Playlista z wszystkimi wersjami audio artykułów
„Kobiecość jest mądrością. Taką, która wie, jak działać roztropnie. Jest takim czułym kobiecym sprytem, który nie chce zranić, lecz dąży ku wspólnemu dobru (patrz: Maryja na weselu w Kanie). Z drugiej strony nie da się kobiecości sprowadzić do jakiejś jednej gotowej definicji.”
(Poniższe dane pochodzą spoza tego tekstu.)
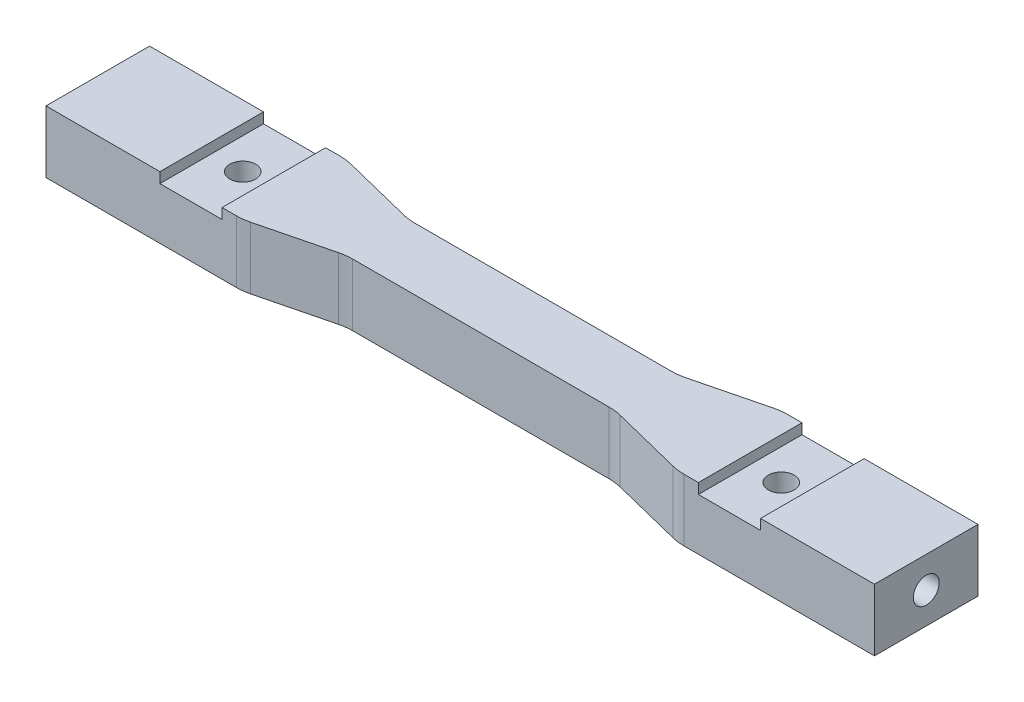
ISO-10303-21;
HEADER;
FILE_DESCRIPTION(('STEP AP214'),'2;1');
FILE_NAME('part.step','',(''),(''),'','','');
FILE_SCHEMA(('AUTOMOTIVE_DESIGN { 1 0 10303 214 1 1 1 1 }'));
ENDSEC;
DATA;
#1=APPLICATION_CONTEXT('core data for automotive mechanical design processes');
#2=APPLICATION_PROTOCOL_DEFINITION('international standard','automotive_design',2000,#1);
#3=PRODUCT_CONTEXT('',#1,'mechanical');
#4=PRODUCT('Part','Part','',(#3));
#5=PRODUCT_RELATED_PRODUCT_CATEGORY('part','',(#4));
#6=PRODUCT_DEFINITION_FORMATION('','',#4);
#7=PRODUCT_DEFINITION_CONTEXT('part definition',#1,'design');
#8=PRODUCT_DEFINITION('design','',#6,#7);
#9=PRODUCT_DEFINITION_SHAPE('','',#8);
#10=(LENGTH_UNIT() NAMED_UNIT(*) SI_UNIT(.MILLI.,.METRE.));
#11=(NAMED_UNIT(*) PLANE_ANGLE_UNIT() SI_UNIT($,.RADIAN.));
#12=(NAMED_UNIT(*) SI_UNIT($,.STERADIAN.) SOLID_ANGLE_UNIT());
#13=UNCERTAINTY_MEASURE_WITH_UNIT(LENGTH_MEASURE(1.E-05),#10,'distance_accuracy_value','');
#14=(GEOMETRIC_REPRESENTATION_CONTEXT(3) GLOBAL_UNCERTAINTY_ASSIGNED_CONTEXT((#13)) GLOBAL_UNIT_ASSIGNED_CONTEXT((#10,
#11,#12)) REPRESENTATION_CONTEXT('',''));
#15=CARTESIAN_POINT('',(0.,0.,0.));
#16=DIRECTION('',(0.,0.,1.));
#17=DIRECTION('',(1.,0.,0.));
#18=AXIS2_PLACEMENT_3D('',#15,#16,#17);
#19=CARTESIAN_POINT('',(0.,6.,0.));
#20=DIRECTION('',(0.,0.,-1.));
#21=DIRECTION('',(-1.,0.,0.));
#22=AXIS2_PLACEMENT_3D('',#19,#20,#21);
#23=PLANE('',#22);
#24=DIRECTION('',(1.,0.,0.));
#25=VECTOR('',#24,1.);
#26=CARTESIAN_POINT('',(0.,0.,0.));
#27=LINE('',#26,#25);
#28=CARTESIAN_POINT('',(0.,0.,0.));
#29=VERTEX_POINT('',#28);
#30=CARTESIAN_POINT('',(18.3844718719117,0.,0.));
#31=VERTEX_POINT('',#30);
#32=EDGE_CURVE('E329',#29,#31,#27,.T.);
#33=ORIENTED_EDGE('',*,*,#32,.T.);
#34=DIRECTION('',(0.,1.,0.));
#35=VECTOR('',#34,1.);
#36=CARTESIAN_POINT('',(18.3844718719117,6.,0.));
#37=LINE('',#36,#35);
#38=CARTESIAN_POINT('',(18.3844718719117,6.,0.));
#39=VERTEX_POINT('',#38);
#40=EDGE_CURVE('E394',#31,#39,#37,.T.);
#41=ORIENTED_EDGE('',*,*,#40,.T.);
#42=DIRECTION('',(1.,0.,0.));
#43=VECTOR('',#42,1.);
#44=CARTESIAN_POINT('',(0.,6.,0.));
#45=LINE('',#44,#43);
#46=CARTESIAN_POINT('',(17.,6.,0.));
#47=VERTEX_POINT('',#46);
#48=EDGE_CURVE('E316',#47,#39,#45,.T.);
#49=ORIENTED_EDGE('',*,*,#48,.F.);
#50=DIRECTION('',(0.,1.,0.));
#51=VECTOR('',#50,1.);
#52=CARTESIAN_POINT('',(17.,5.,0.));
#53=LINE('',#52,#51);
#54=CARTESIAN_POINT('',(17.,5.,0.));
#55=VERTEX_POINT('',#54);
#56=EDGE_CURVE('E303',#55,#47,#53,.T.);
#57=ORIENTED_EDGE('',*,*,#56,.F.);
#58=DIRECTION('',(1.,0.,0.));
#59=VECTOR('',#58,1.);
#60=CARTESIAN_POINT('',(11.,5.,0.));
#61=LINE('',#60,#59);
#62=CARTESIAN_POINT('',(11.,5.,0.));
#63=VERTEX_POINT('',#62);
#64=EDGE_CURVE('E283',#63,#55,#61,.T.);
#65=ORIENTED_EDGE('',*,*,#64,.F.);
#66=DIRECTION('',(0.,1.,0.));
#67=VECTOR('',#66,1.);
#68=CARTESIAN_POINT('',(11.,5.,0.));
#69=LINE('',#68,#67);
#70=CARTESIAN_POINT('',(11.,6.,0.));
#71=VERTEX_POINT('',#70);
#72=EDGE_CURVE('E293',#63,#71,#69,.T.);
#73=ORIENTED_EDGE('',*,*,#72,.T.);
#74=CARTESIAN_POINT('',(0.,6.,0.));
#75=VERTEX_POINT('',#74);
#76=EDGE_CURVE('E312',#75,#71,#45,.T.);
#77=ORIENTED_EDGE('',*,*,#76,.F.);
#78=DIRECTION('',(0.,-1.,0.));
#79=VECTOR('',#78,1.);
#80=CARTESIAN_POINT('',(0.,6.,0.));
#81=LINE('',#80,#79);
#82=EDGE_CURVE('E345',#75,#29,#81,.T.);
#83=ORIENTED_EDGE('',*,*,#82,.T.);
#84=EDGE_LOOP('',(#33,#41,#49,#57,#65,#73,#77,#83));
#85=FACE_BOUND('',#84,.T.);
#86=ADVANCED_FACE('F35',(#85),#23,.F.);
#87=CARTESIAN_POINT('',(0.,6.,-10.));
#88=DIRECTION('',(0.,0.,1.));
#89=DIRECTION('',(1.,0.,0.));
#90=AXIS2_PLACEMENT_3D('',#87,#88,#89);
#91=PLANE('',#90);
#92=DIRECTION('',(-1.,0.,0.));
#93=VECTOR('',#92,1.);
#94=CARTESIAN_POINT('',(0.,0.,-10.));
#95=LINE('',#94,#93);
#96=CARTESIAN_POINT('',(80.,0.,-10.));
#97=VERTEX_POINT('',#96);
#98=CARTESIAN_POINT('',(61.6155281280883,0.,-10.));
#99=VERTEX_POINT('',#98);
#100=EDGE_CURVE('E311',#97,#99,#95,.T.);
#101=ORIENTED_EDGE('',*,*,#100,.T.);
#102=DIRECTION('',(0.,1.,0.));
#103=VECTOR('',#102,1.);
#104=CARTESIAN_POINT('',(61.6155281280883,6.,-10.));
#105=LINE('',#104,#103);
#106=CARTESIAN_POINT('',(61.6155281280883,6.,-10.));
#107=VERTEX_POINT('',#106);
#108=EDGE_CURVE('E397',#99,#107,#105,.T.);
#109=ORIENTED_EDGE('',*,*,#108,.T.);
#110=DIRECTION('',(-1.,0.,0.));
#111=VECTOR('',#110,1.);
#112=CARTESIAN_POINT('',(0.,6.,-10.));
#113=LINE('',#112,#111);
#114=CARTESIAN_POINT('',(63.,6.,-10.));
#115=VERTEX_POINT('',#114);
#116=EDGE_CURVE('E324',#115,#107,#113,.T.);
#117=ORIENTED_EDGE('',*,*,#116,.F.);
#118=DIRECTION('',(0.,1.,0.));
#119=VECTOR('',#118,1.);
#120=CARTESIAN_POINT('',(63.,5.,-10.));
#121=LINE('',#120,#119);
#122=CARTESIAN_POINT('',(63.,5.,-10.));
#123=VERTEX_POINT('',#122);
#124=EDGE_CURVE('E276',#123,#115,#121,.T.);
#125=ORIENTED_EDGE('',*,*,#124,.F.);
#126=DIRECTION('',(-1.,0.,0.));
#127=VECTOR('',#126,1.);
#128=CARTESIAN_POINT('',(69.,5.,-10.));
#129=LINE('',#128,#127);
#130=CARTESIAN_POINT('',(69.,5.,-10.));
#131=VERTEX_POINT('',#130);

„Tylko się mną zachwycasz!”
Jeden z najpiękniejszych, nieoczywistych momentów w ciągu dnia to ten, kiedy udaje mi się obudzić nieco wcześniej. Uchylam sobie jedno oko, potem drugie i spokojnie kontempluję sobie piękno mojej żony. Ale zwykle jest tak, że ona już wie – uchyla jedno oko, uśmiecha się do mnie promiennie i pyta: „Już się wyspałeś?”. Nigdy nie zrozumiem, jak ona to robi, skąd wie, że ja już nie śpię. Wie i tyle. Wtedy wstaję, parzę pierwszą kawę, i jeśli dzieci jeszcze nie wstaną, zaczynamy rozmowę. Czasem jest tak, że ona mówi, a ja sobie patrzę. I kiedy nie potrafię ukryć zachwytu, czasem mnie karci: „Bo ty w ogóle mnie nie słuchasz, tylko się mną zachwycasz!” No nic na to nie poradzę, że jest taka zachwycająca, choć czasem i wkurza, i irytuje, i powie o słowo za dużo – jak to w związkach bywa.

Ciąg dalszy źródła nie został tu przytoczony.